* **Task goal**: From the entries below, gather each line containing the word "diagram".

_____

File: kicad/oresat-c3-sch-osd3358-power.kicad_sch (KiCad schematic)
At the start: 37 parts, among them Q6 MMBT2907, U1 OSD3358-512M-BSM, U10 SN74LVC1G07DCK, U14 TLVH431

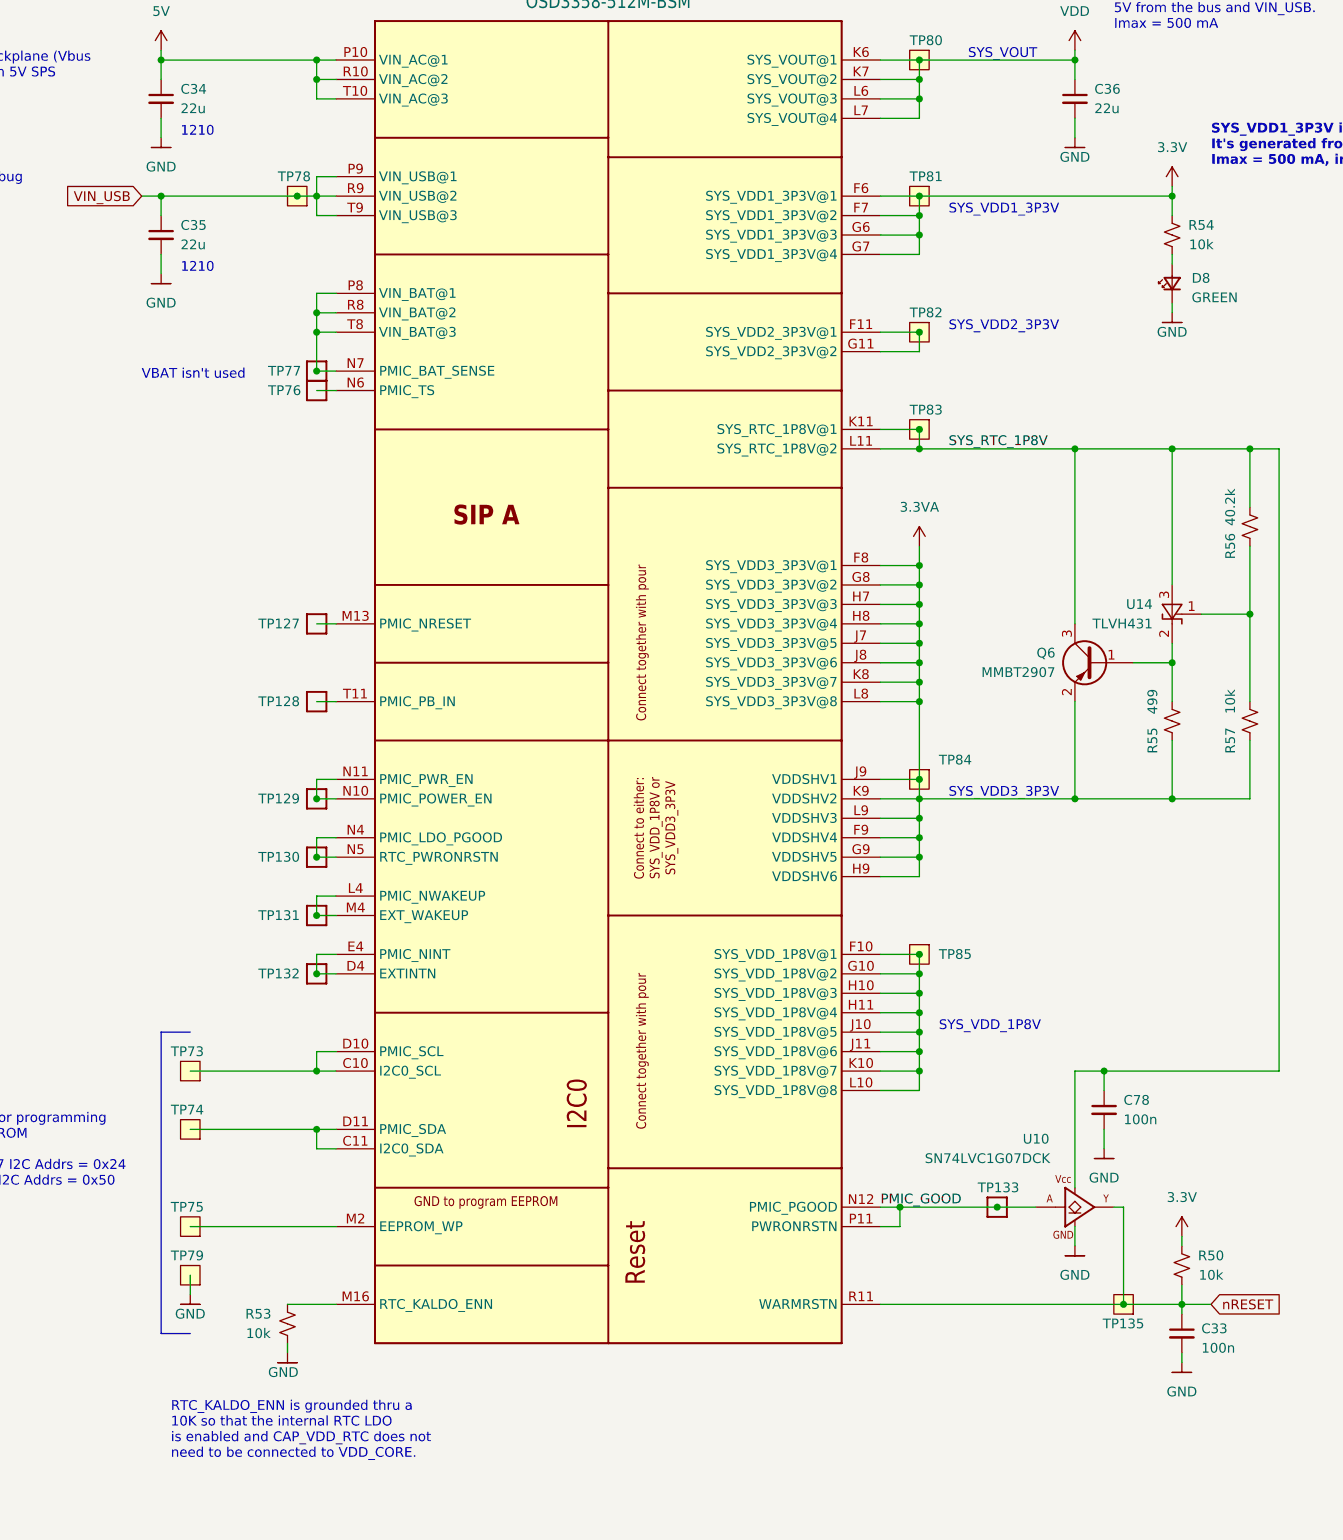
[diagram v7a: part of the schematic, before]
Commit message: Fixed footprints and laid out WDT and OPD circuitry.
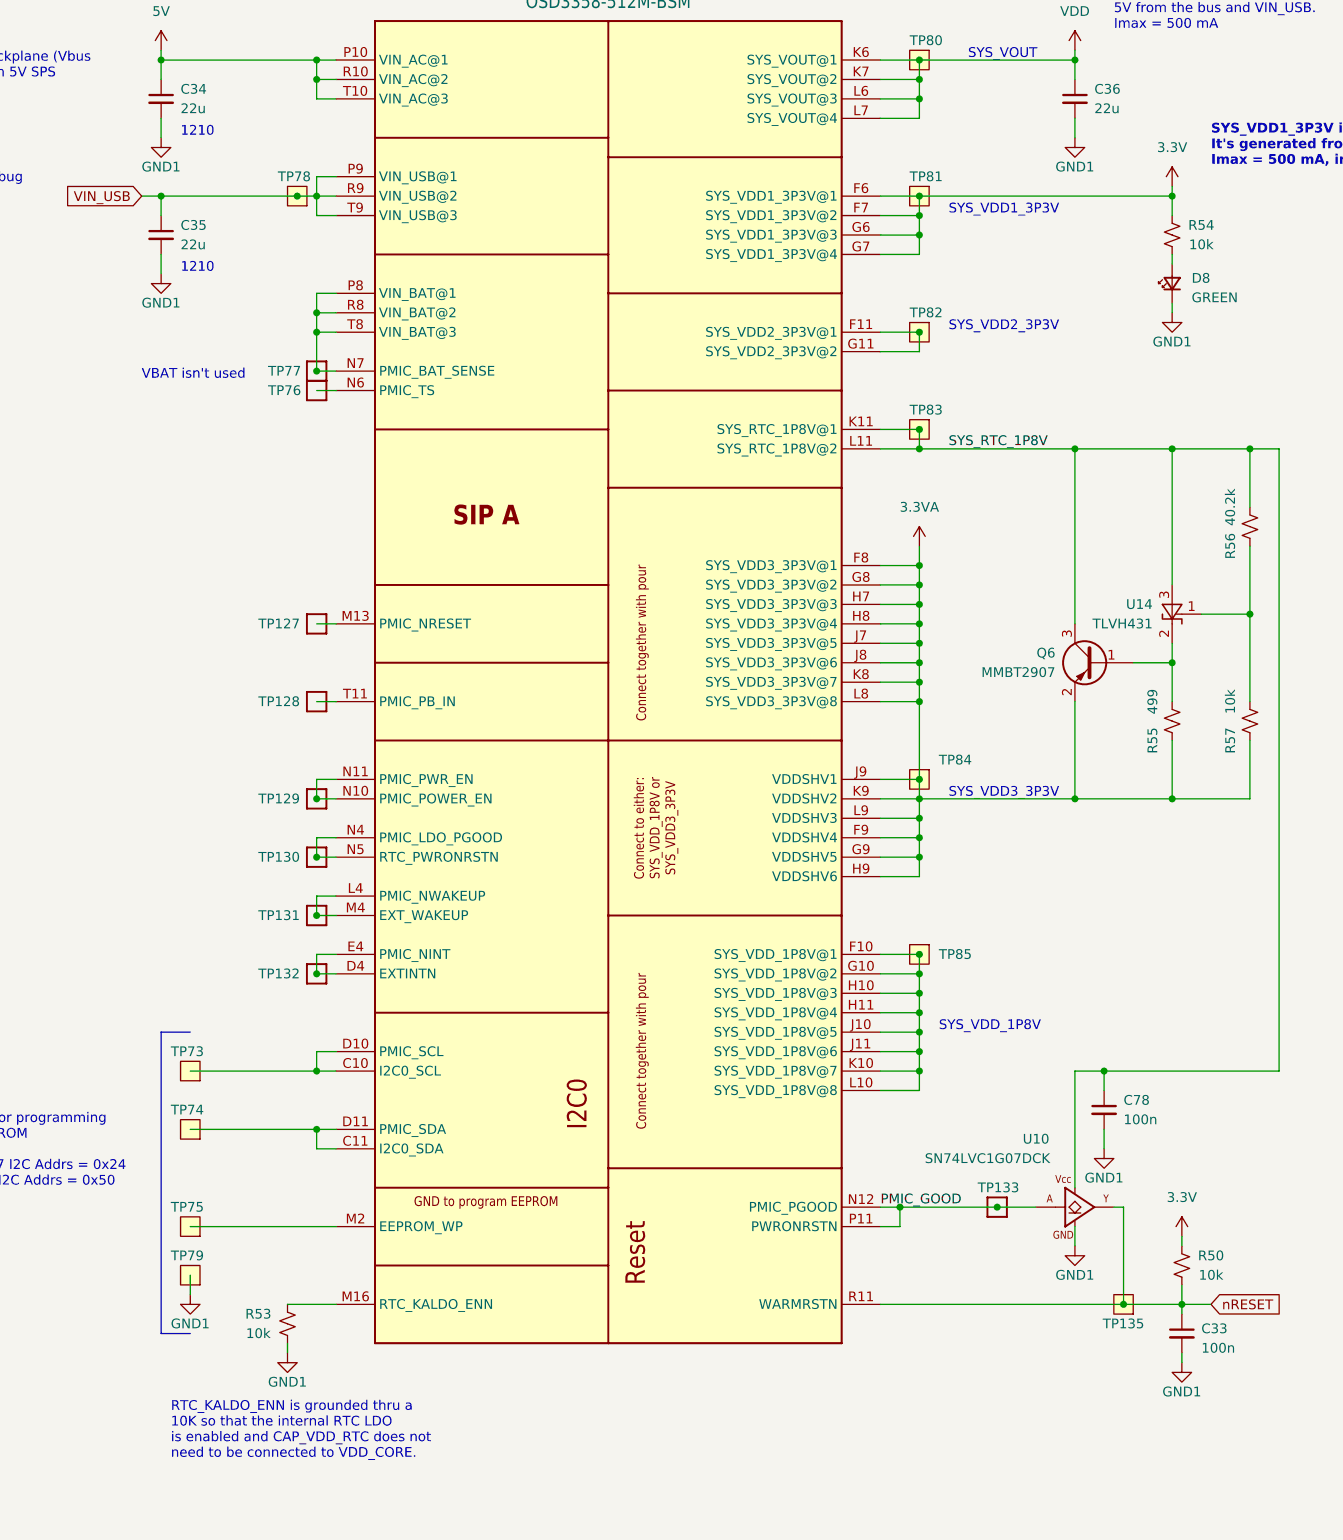
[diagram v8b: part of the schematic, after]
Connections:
- net GND renamed GND1
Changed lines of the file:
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@@
     )
   )
-  (symbol (lib_id "oresat-power:GND") (at 298.45 86.36 0) (unit 1)
-    (in_bom yes) (on_board yes) (dnp no)
-    (property "Reference" "#GND0175" (at 298.45 92.71 0)
-      (effects (font (size 1.27 1.27)) hide)
-    )
-    (property "Value" "GND" (at 298.45 88.9 0)
+  (symbol (lib_id "power:GND1") (at 298.45 86.36 0) (unit 1)
+    (in_bom yes) (on_board yes) (dnp no)
+    (property "Reference" "#PWR0140" (at 298.45 92.71 0)
+      (effects (font (size 1.27 1.27)) hide)
+    )
+    (property "Value" "GND1" (at 298.45 90.17 0)
       (effects (font (size 1.27 1.27)))
     )
@@
       (project "oresat-c3"
         (path "/65d12cdd-c326-4033-9053-c59fa4e0b25e/0c1da208-2d1c-4d05-9cc7-59584e50a6ac"
-          (reference "#GND0175") (unit 1)
+          (reference "#PWR0140") (unit 1)
         )
       )
@@
     )
   )
-  (symbol (lib_id "oresat-power:GND") (at 289.56 195.58 0) (unit 1)
-    (in_bom yes) (on_board yes) (dnp no) (fields_autoplaced)
-    (property "Reference" "#GND0170" (at 289.56 201.93 0)
-      (effects (font (size 1.27 1.27)) hide)
-    )
-    (property "Value" "GND" (at 289.56 199.39 0)
+  (symbol (lib_id "power:GND1") (at 289.56 195.58 0) (unit 1)
+    (in_bom yes) (on_board yes) (dnp no) (fields_autoplaced)
+    (property "Reference" "#PWR0137" (at 289.56 201.93 0)
+      (effects (font (size 1.27 1.27)) hide)
+    )
+    (property "Value" "GND1" (at 289.56 199.39 0)
       (effects (font (size 1.27 1.27)))
     )
@@
       (project "oresat-c3"
         (path "/65d12cdd-c326-4033-9053-c59fa4e0b25e/0c1da208-2d1c-4d05-9cc7-59584e50a6ac"
-          (reference "#GND0170") (unit 1)
+          (reference "#PWR0137") (unit 1)
         )
       )
@@
     )
   )
-  (symbol (lib_id "oresat-power:GND") (at 285.75 63.5 0) (unit 1)
-    (in_bom yes) (on_board yes) (dnp no)
-    (property "Reference" "#GND0174" (at 285.75 69.85 0)
-      (effects (font (size 1.27 1.27)) hide)
-    )
-    (property "Value" "GND" (at 285.75 66.04 0)
+  (symbol (lib_id "power:GND1") (at 285.75 63.5 0) (unit 1)
+    (in_bom yes) (on_board yes) (dnp no)
+    (property "Reference" "#PWR0139" (at 285.75 69.85 0)
+      (effects (font (size 1.27 1.27)) hide)
+    )
+    (property "Value" "GND1" (at 285.75 67.31 0)
       (effects (font (size 1.27 1.27)))
     )
@@
       (project "oresat-c3"
         (path "/65d12cdd-c326-4033-9053-c59fa4e0b25e/0c1da208-2d1c-4d05-9cc7-59584e50a6ac"
-          (reference "#GND0174") (unit 1)
-        )
-      )
-    )
-  )
-  (symbol (lib_id "oresat-power:GND") (at 182.88 222.25 0) (unit 1)
-    (in_bom yes) (on_board yes) (dnp no)
-    (property "Reference" "#GND0171" (at 182.88 228.6 0)
-      (effects (font (size 1.27 1.27)) hide)
-    )
-    (property "Value" "GND" (at 180.34 224.79 0)
-      (effects (font (size 1.27 1.27)) (justify left))
+          (reference "#PWR0139") (unit 1)
+        )
+      )
+    )
+  )
+  (symbol (lib_id "power:GND1") (at 182.88 222.25 0) (unit 1)
+    (in_bom yes) (on_board yes) (dnp no)
+    (property "Reference" "#PWR0143" (at 182.88 228.6 0)
+      (effects (font (size 1.27 1.27)) hide)
+    )
+    (property "Value" "GND1" (at 182.88 226.06 0)
+      (effects (font (size 1.27 1.27)))
     )
     (property "Footprint" "" (at 182.88 222.25 0)
@@
       (project "oresat-c3"
         (path "/65d12cdd-c326-4033-9053-c59fa4e0b25e/0c1da208-2d1c-4d05-9cc7-59584e50a6ac"
-          (reference "#GND0171") (unit 1)
-        )
-      )
-    )
-  )
-  (symbol (lib_id "oresat-power:GND") (at 166.37 81.28 0) (unit 1)
-    (in_bom yes) (on_board yes) (dnp no) (fields_autoplaced)
-    (property "Reference" "#GND0165" (at 166.37 87.63 0)
-      (effects (font (size 1.27 1.27)) hide)
-    )
-    (property "Value" "GND" (at 166.37 85.09 0)
+          (reference "#PWR0143") (unit 1)
+        )
+      )
+    )
+  )
+  (symbol (lib_id "power:GND1") (at 166.37 81.28 0) (unit 1)
+    (in_bom yes) (on_board yes) (dnp no) (fields_autoplaced)
+    (property "Reference" "#PWR0142" (at 166.37 87.63 0)
+      (effects (font (size 1.27 1.27)) hide)
+    )
+    (property "Value" "GND1" (at 166.37 85.09 0)
       (effects (font (size 1.27 1.27)))
     )
@@
       (project "oresat-c3"
         (path "/65d12cdd-c326-4033-9053-c59fa4e0b25e/0c1da208-2d1c-4d05-9cc7-59584e50a6ac"
-          (reference "#GND0165") (unit 1)
+          (reference "#PWR0142") (unit 1)
         )
       )
@@
     )
   )
-  (symbol (lib_id "oresat-power:GND") (at 299.72 223.52 0) (unit 1)
-    (in_bom yes) (on_board yes) (dnp no) (fields_autoplaced)
-    (property "Reference" "#GND038" (at 299.72 229.87 0)
-      (effects (font (size 1.27 1.27)) hide)
-    )
-    (property "Value" "GND" (at 299.72 227.33 0)
+  (symbol (lib_id "power:GND1") (at 299.72 223.52 0) (unit 1)
+    (in_bom yes) (on_board yes) (dnp no) (fields_autoplaced)
+    (property "Reference" "#PWR0136" (at 299.72 229.87 0)
+      (effects (font (size 1.27 1.27)) hide)
+    )
+    (property "Value" "GND1" (at 299.72 227.33 0)
       (effects (font (size 1.27 1.27)))
     )
@@
       (project "oresat-c3"
         (path "/65d12cdd-c326-4033-9053-c59fa4e0b25e/0c1da208-2d1c-4d05-9cc7-59584e50a6ac"
-          (reference "#GND038") (unit 1)
+          (reference "#PWR0136") (unit 1)
         )
       )
@@
     )
   )
-  (symbol (lib_id "oresat-power:GND") (at 285.75 208.28 0) (unit 1)
-    (in_bom yes) (on_board yes) (dnp no) (fields_autoplaced)
-    (property "Reference" "#GND0169" (at 285.75 214.63 0)
-      (effects (font (size 1.27 1.27)) hide)
-    )
-    (property "Value" "GND" (at 285.75 212.09 0)
+  (symbol (lib_id "power:GND1") (at 285.75 208.28 0) (unit 1)
+    (in_bom yes) (on_board yes) (dnp no) (fields_autoplaced)
+    (property "Reference" "#PWR0138" (at 285.75 214.63 0)
+      (effects (font (size 1.27 1.27)) hide)
+    )
+    (property "Value" "GND1" (at 285.75 212.09 0)
       (effects (font (size 1.27 1.27)))
     )
@@
       (project "oresat-c3"
         (path "/65d12cdd-c326-4033-9053-c59fa4e0b25e/0c1da208-2d1c-4d05-9cc7-59584e50a6ac"
-          (reference "#GND0169") (unit 1)
+          (reference "#PWR0138") (unit 1)
         )
       )
@@
     )
   )
-  (symbol (lib_id "oresat-power:GND") (at 166.37 63.5 0) (unit 1)
-    (in_bom yes) (on_board yes) (dnp no) (fields_autoplaced)
-    (property "Reference" "#GND0166" (at 166.37 69.85 0)
-      (effects (font (size 1.27 1.27)) hide)
-    )
-    (property "Value" "GND" (at 166.37 67.31 0)
+  (symbol (lib_id "power:GND1") (at 166.37 63.5 0) (unit 1)
+    (in_bom yes) (on_board yes) (dnp no) (fields_autoplaced)
+    (property "Reference" "#PWR0141" (at 166.37 69.85 0)
+      (effects (font (size 1.27 1.27)) hide)
+    )
+    (property "Value" "GND1" (at 166.37 67.31 0)
       (effects (font (size 1.27 1.27)))
     )
@@
       (project "oresat-c3"
         (path "/65d12cdd-c326-4033-9053-c59fa4e0b25e/0c1da208-2d1c-4d05-9cc7-59584e50a6ac"
-          (reference "#GND0166") (unit 1)
+          (reference "#PWR0141") (unit 1)
         )
       )
@@
     )
   )
-  (symbol (lib_id "oresat-power:GND") (at 170.18 214.63 0) (unit 1)
-    (in_bom yes) (on_board yes) (dnp no)
-    (property "Reference" "#GND037" (at 170.18 220.98 0)
-      (effects (font (size 1.27 1.27)) hide)
-    )
-    (property "Value" "GND" (at 170.18 217.17 0)
+  (symbol (lib_id "power:GND1") (at 170.18 214.63 0) (unit 1)
+    (in_bom yes) (on_board yes) (dnp no)
+    (property "Reference" "#PWR0144" (at 170.18 220.98 0)
+      (effects (font (size 1.27 1.27)) hide)
+    )
+    (property "Value" "GND1" (at 170.18 218.44 0)
       (effects (font (size 1.27 1.27)))
     )
@@
       (project "oresat-c3"
         (path "/65d12cdd-c326-4033-9053-c59fa4e0b25e/0c1da208-2d1c-4d05-9cc7-59584e50a6ac"
-          (reference "#GND037") (unit 1)
-        )
-      )
+          (reference "#PWR0144") (unit 1)
+        )
+      )

_____

* **Written solution**:
[diagram v7a: part of the schematic, before]
[diagram v8b: part of the schematic, after]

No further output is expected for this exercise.